• **Your goal**:
Report all lines below with the word "Value".
[Recorded data]
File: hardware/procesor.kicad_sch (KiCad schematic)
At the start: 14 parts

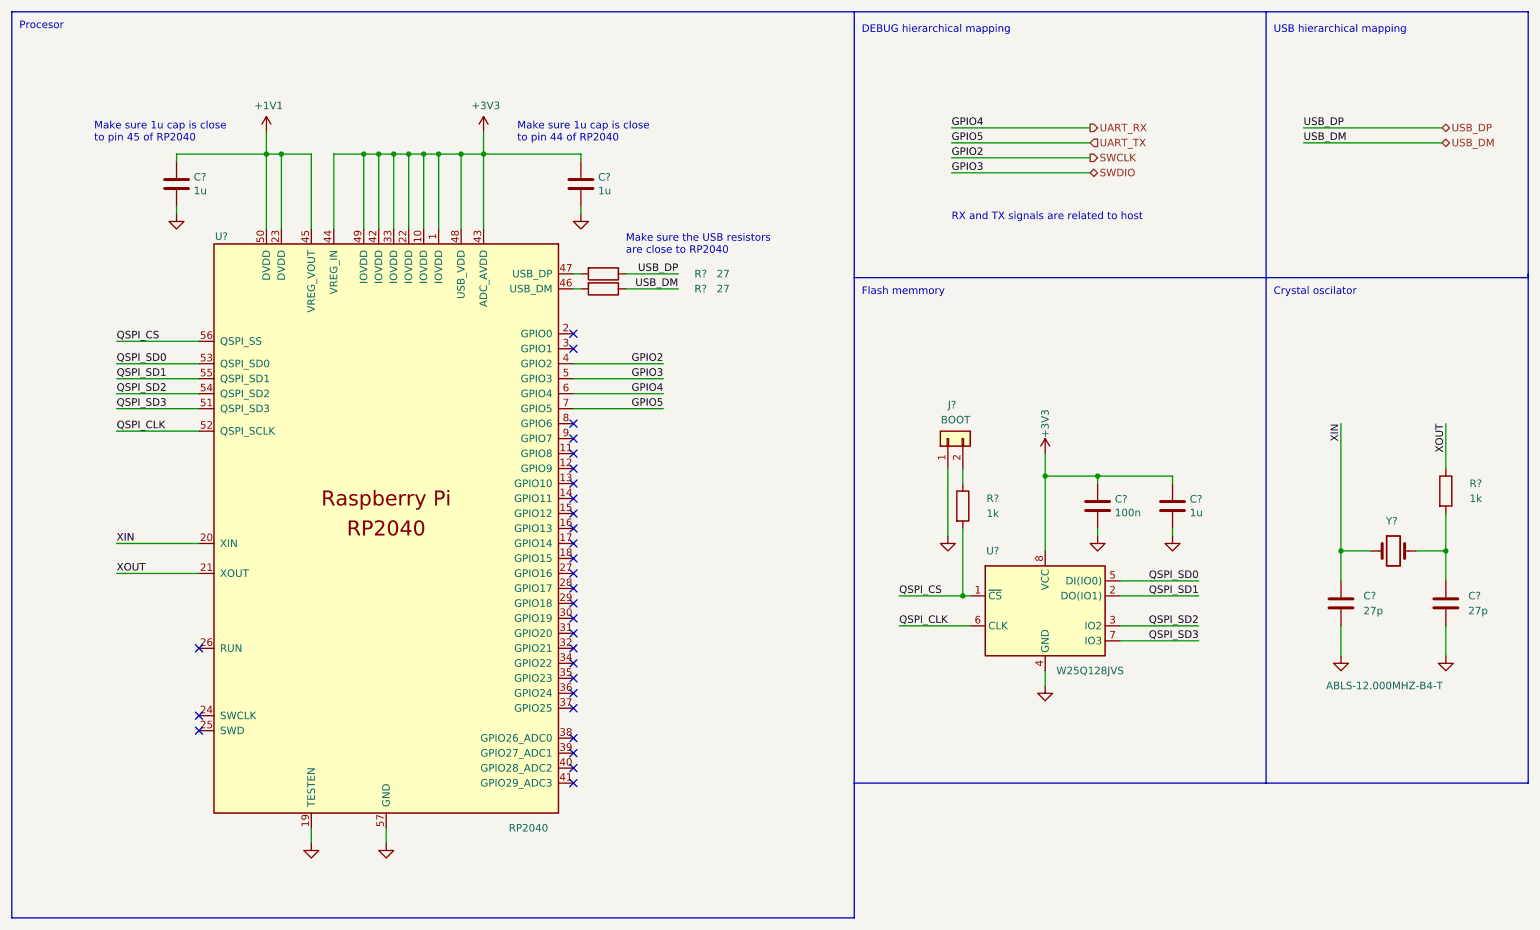
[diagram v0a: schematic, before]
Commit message: hw: Add annotations to all components
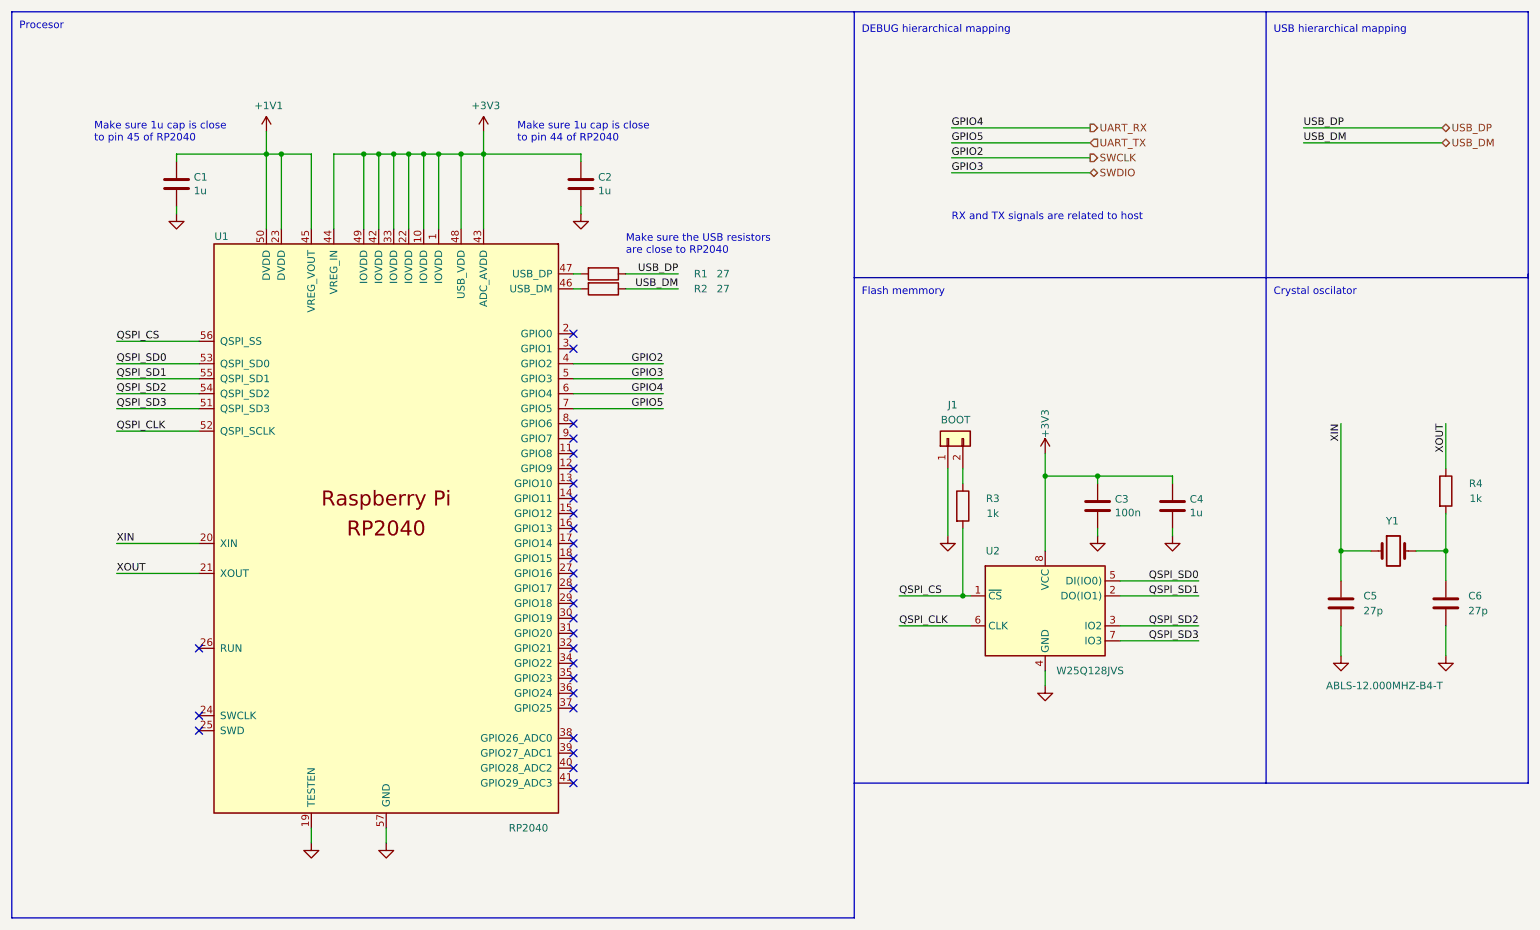
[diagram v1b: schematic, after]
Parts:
- gave numbers to parts that had none: 14
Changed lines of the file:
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@@
   (no_connect (at 114.935 158.115))
   (no_connect (at 114.935 160.655))
+  (no_connect (at 51.435 137.795))
   (no_connect (at 51.435 151.765))
   (no_connect (at 51.435 149.225))
-  (no_connect (at 51.435 137.795))
   (wire (pts (xy 99.695 50.165) (xy 99.695 53.975))
     (stroke (width 0) (type default) (color 0 0 0 0))
@@
   (symbol (lib_id "power:GND") (at 216.535 118.745 0) (unit 1)
     (in_bom yes) (on_board yes)
-    (property "Reference" "#PWR?" (id 0) (at 216.535 125.095 0)
+    (property "Reference" "#PWR011" (id 0) (at 216.535 125.095 0)
       (effects (font (size 1.27 1.27)) hide)
     )
@@
   (symbol (lib_id "Device:C") (at 116.205 59.055 0) (unit 1)
     (in_bom yes) (on_board yes)
-    (property "Reference" "C?" (id 0) (at 119.126 57.8866 0)
+    (property "Reference" "C2" (id 0) (at 119.126 57.8866 0)
       (effects (font (size 1.27 1.27)) (justify left))
     )
@@
   (symbol (lib_id "Device:C") (at 216.535 113.665 0) (unit 1)
     (in_bom yes) (on_board yes)
-    (property "Reference" "C?" (id 0) (at 219.456 112.4966 0)
+    (property "Reference" "C4" (id 0) (at 219.456 112.4966 0)
       (effects (font (size 1.27 1.27)) (justify left))
     )
@@
   (symbol (lib_id "power:GND") (at 83.185 170.815 0) (unit 1)
     (in_bom yes) (on_board yes)
-    (property "Reference" "#PWR?" (id 0) (at 83.185 177.165 0)
+    (property "Reference" "#PWR04" (id 0) (at 83.185 177.165 0)
       (effects (font (size 1.27 1.27)) hide)
     )
@@
   (symbol (lib_id "Device:R") (at 262.89 111.125 0) (unit 1)
     (in_bom yes) (on_board yes)
-    (property "Reference" "R?" (id 0) (at 267.97 109.855 0))
+    (property "Reference" "R4" (id 0) (at 267.97 109.855 0))
     (property "Value" "1k" (id 1) (at 267.97 112.395 0))
     (property "Footprint" "Capacitor_SMD:C_0603_1608Metric_Pad1.08x0.95mm_HandSolder" (id 2) (at 261.112 111.125 90)
@@
   (symbol (lib_id "Device:C") (at 47.625 59.055 0) (unit 1)
     (in_bom yes) (on_board yes)
-    (property "Reference" "C?" (id 0) (at 50.546 57.8866 0)
+    (property "Reference" "C1" (id 0) (at 50.546 57.8866 0)
       (effects (font (size 1.27 1.27)) (justify left))
     )
@@
   (symbol (lib_id "Memory_Flash:W25Q128JVS") (at 194.945 131.445 0) (unit 1)
     (in_bom yes) (on_board yes)
-    (property "Reference" "U?" (id 0) (at 186.055 121.285 0))
+    (property "Reference" "U2" (id 0) (at 186.055 121.285 0))
     (property "Value" "W25Q128JVS" (id 1) (at 202.565 141.605 0))
     (property "Footprint" "Package_SO:SOIC-8_5.23x5.23mm_P1.27mm" (id 2) (at 194.945 131.445 0)
@@
   (symbol (lib_id "power:GND") (at 47.625 64.135 0) (unit 1)
     (in_bom yes) (on_board yes)
-    (property "Reference" "#PWR?" (id 0) (at 47.625 70.485 0)
+    (property "Reference" "#PWR01" (id 0) (at 47.625 70.485 0)
       (effects (font (size 1.27 1.27)) hide)
     )
@@
   (symbol (lib_id "Device:C") (at 245.11 130.175 0) (unit 1)
     (in_bom yes) (on_board yes)
-    (property "Reference" "C?" (id 0) (at 248.92 128.905 0)
+    (property "Reference" "C5" (id 0) (at 248.92 128.905 0)
       (effects (font (size 1.27 1.27)) (justify left))
     )
@@
   (symbol (lib_id "Device:C") (at 203.835 113.665 0) (unit 1)
     (in_bom yes) (on_board yes)
-    (property "Reference" "C?" (id 0) (at 206.756 112.4966 0)
+    (property "Reference" "C3" (id 0) (at 206.756 112.4966 0)
       (effects (font (size 1.27 1.27)) (justify left))
     )
@@
   (symbol (lib_id "power:GND") (at 178.435 118.745 0) (unit 1)
     (in_bom yes) (on_board yes)
-    (property "Reference" "#PWR?" (id 0) (at 178.435 125.095 0)
+    (property "Reference" "#PWR07" (id 0) (at 178.435 125.095 0)
       (effects (font (size 1.27 1.27)) hide)
     )
@@
   (symbol (lib_id "Device:Crystal") (at 254 121.285 0) (unit 1)
     (in_bom yes) (on_board yes)
-    (property "Reference" "Y?" (id 0) (at 252.73 116.205 0)
+    (property "Reference" "Y1" (id 0) (at 252.73 116.205 0)
       (effects (font (size 1.27 1.27)) (justify left))
     )
@@
   (symbol (lib_id "power:+1V1") (at 62.865 50.165 0) (unit 1)
     (in_bom yes) (on_board yes)
-    (property "Reference" "#PWR?" (id 0) (at 62.865 53.975 0)
+    (property "Reference" "#PWR02" (id 0) (at 62.865 53.975 0)
       (effects (font (size 1.27 1.27)) hide)
     )
@@
   (symbol (lib_id "power:+3V3") (at 99.695 50.165 0) (unit 1)
     (in_bom yes) (on_board yes)
-    (property "Reference" "#PWR?" (id 0) (at 99.695 53.975 0)
+    (property "Reference" "#PWR05" (id 0) (at 99.695 53.975 0)
       (effects (font (size 1.27 1.27)) hide)
     )
@@
   (symbol (lib_id "Connector_Generic:Conn_01x02") (at 178.435 102.235 90) (unit 1)
     (in_bom yes) (on_board yes)
-    (property "Reference" "J?" (id 0) (at 178.435 96.52 90)
+    (property "Reference" "J1" (id 0) (at 178.435 96.52 90)
       (effects (font (size 1.27 1.27)) (justify right))
     )
@@
   (symbol (lib_id "power:GND") (at 194.945 144.145 0) (unit 1)
     (in_bom yes) (on_board yes)
-    (property "Reference" "#PWR?" (id 0) (at 194.945 150.495 0)
+    (property "Reference" "#PWR09" (id 0) (at 194.945 150.495 0)
       (effects (font (size 1.27 1.27)) hide)
     )
@@
   (symbol (lib_id "power:GND") (at 262.89 139.065 0) (unit 1)
     (in_bom yes) (on_board yes)
-    (property "Reference" "#PWR?" (id 0) (at 262.89 145.415 0)
+    (property "Reference" "#PWR013" (id 0) (at 262.89 145.415 0)
       (effects (font (size 1.27 1.27)) hide)
     )
@@
   (symbol (lib_id "Device:C") (at 262.89 130.175 0) (unit 1)
     (in_bom yes) (on_board yes)
-    (property "Reference" "C?" (id 0) (at 266.7 128.905 0)
+    (property "Reference" "C6" (id 0) (at 266.7 128.905 0)
       (effects (font (size 1.27 1.27)) (justify left))
     )
@@
   (symbol (lib_id "MCU_RaspberryPi_RP2040:RP2040") (at 83.185 117.475 0) (unit 1)
     (in_bom yes) (on_board yes)
-    (property "Reference" "U?" (id 0) (at 55.245 67.945 0))
+    (property "Reference" "U1" (id 0) (at 55.245 67.945 0))
     (property "Value" "RP2040" (id 1) (at 107.315 168.275 0))
     (property "Footprint" "RP2040:RP2040-QFN-56" (id 2) (at 64.135 117.475 0)
@@
   (symbol (lib_id "Device:R") (at 180.975 113.665 0) (unit 1)
     (in_bom yes) (on_board yes)
-    (property "Reference" "R?" (id 0) (at 186.055 112.395 0))
+    (property "Reference" "R3" (id 0) (at 186.055 112.395 0))
     (property "Value" "1k" (id 1) (at 186.055 114.935 0))
     (property "Footprint" "Capacitor_SMD:C_0603_1608Metric_Pad1.08x0.95mm_HandSolder" (id 2) (at 179.197 113.665 90)
@@
   (symbol (lib_id "power:+3V3") (at 194.945 104.775 0) (unit 1)
     (in_bom yes) (on_board yes)
-    (property "Reference" "#PWR?" (id 0) (at 194.945 108.585 0)
+    (property "Reference" "#PWR08" (id 0) (at 194.945 108.585 0)
       (effects (font (size 1.27 1.27)) hide)
     )
@@
   (symbol (lib_id "power:GND") (at 203.835 118.745 0) (unit 1)
     (in_bom yes) (on_board yes)
-    (property "Reference" "#PWR?" (id 0) (at 203.835 125.095 0)
+    (property "Reference" "#PWR010" (id 0) (at 203.835 125.095 0)
       (effects (font (size 1.27 1.27)) hide)
     )
@@
   (symbol (lib_id "Device:R") (at 120.015 74.295 270) (unit 1)
     (in_bom yes) (on_board yes)
-    (property "Reference" "R?" (id 0) (at 136.525 74.295 90))
+    (property "Reference" "R1" (id 0) (at 136.525 74.295 90))
     (property "Value" "27" (id 1) (at 140.335 74.295 90))
     (property "Footprint" "Capacitor_SMD:C_0603_1608Metric_Pad1.08x0.95mm_HandSolder" (id 2) (at 120.015 72.517 90)
@@
   (symbol (lib_id "Device:R") (at 120.015 76.835 270) (unit 1)
     (in_bom yes) (on_board yes)
-    (property "Reference" "R?" (id 0) (at 136.525 76.835 90))
+    (property "Reference" "R2" (id 0) (at 136.525 76.835 90))
     (property "Value" "27" (id 1) (at 140.335 76.835 90))
     (property "Footprint" "Capacitor_SMD:C_0603_1608Metric_Pad1.08x0.95mm_HandSolder" (id 2) (at 120.015 75.057 90)
@@
   (symbol (lib_id "power:GND") (at 70.485 170.815 0) (unit 1)
     (in_bom yes) (on_board yes)
-    (property "Reference" "#PWR?" (id 0) (at 70.485 177.165 0)
+    (property "Reference" "#PWR03" (id 0) (at 70.485 177.165 0)
       (effects (font (size 1.27 1.27)) hide)
     )
@@
   (symbol (lib_id "power:GND") (at 116.205 64.135 0) (unit 1)
     (in_bom yes) (on_board yes)
-    (property "Reference" "#PWR?" (id 0) (at 116.205 70.485 0)
+    (property "Reference" "#PWR06" (id 0) (at 116.205 70.485 0)
       (effects (font (size 1.27 1.27)) hide)
     )
@@
   (symbol (lib_id "power:GND") (at 245.11 139.065 0) (unit 1)
     (in_bom yes) (on_board yes)
-    (property "Reference" "#PWR?" (id 0) (at 245.11 145.415 0)
-      (effects (font (size 1.27 1.27)) hide)
-    )
+    (property "Reference" "#PWR012" (id 0) (at 245.11 145.415 0)
+      (effects (font (size 1.27 1.27)) hide)
+    )
[/Recorded data]
• **Completed exercise**:
     (property "Value" "1k" (id 1) (at 267.97 112.395 0))
     (property "Value" "W25Q128JVS" (id 1) (at 202.565 141.605 0))
     (property "Value" "RP2040" (id 1) (at 107.315 168.275 0))
     (property "Value" "1k" (id 1) (at 186.055 114.935 0))
     (property "Value" "27" (id 1) (at 140.335 74.295 90))
     (property "Value" "27" (id 1) (at 140.335 76.835 90))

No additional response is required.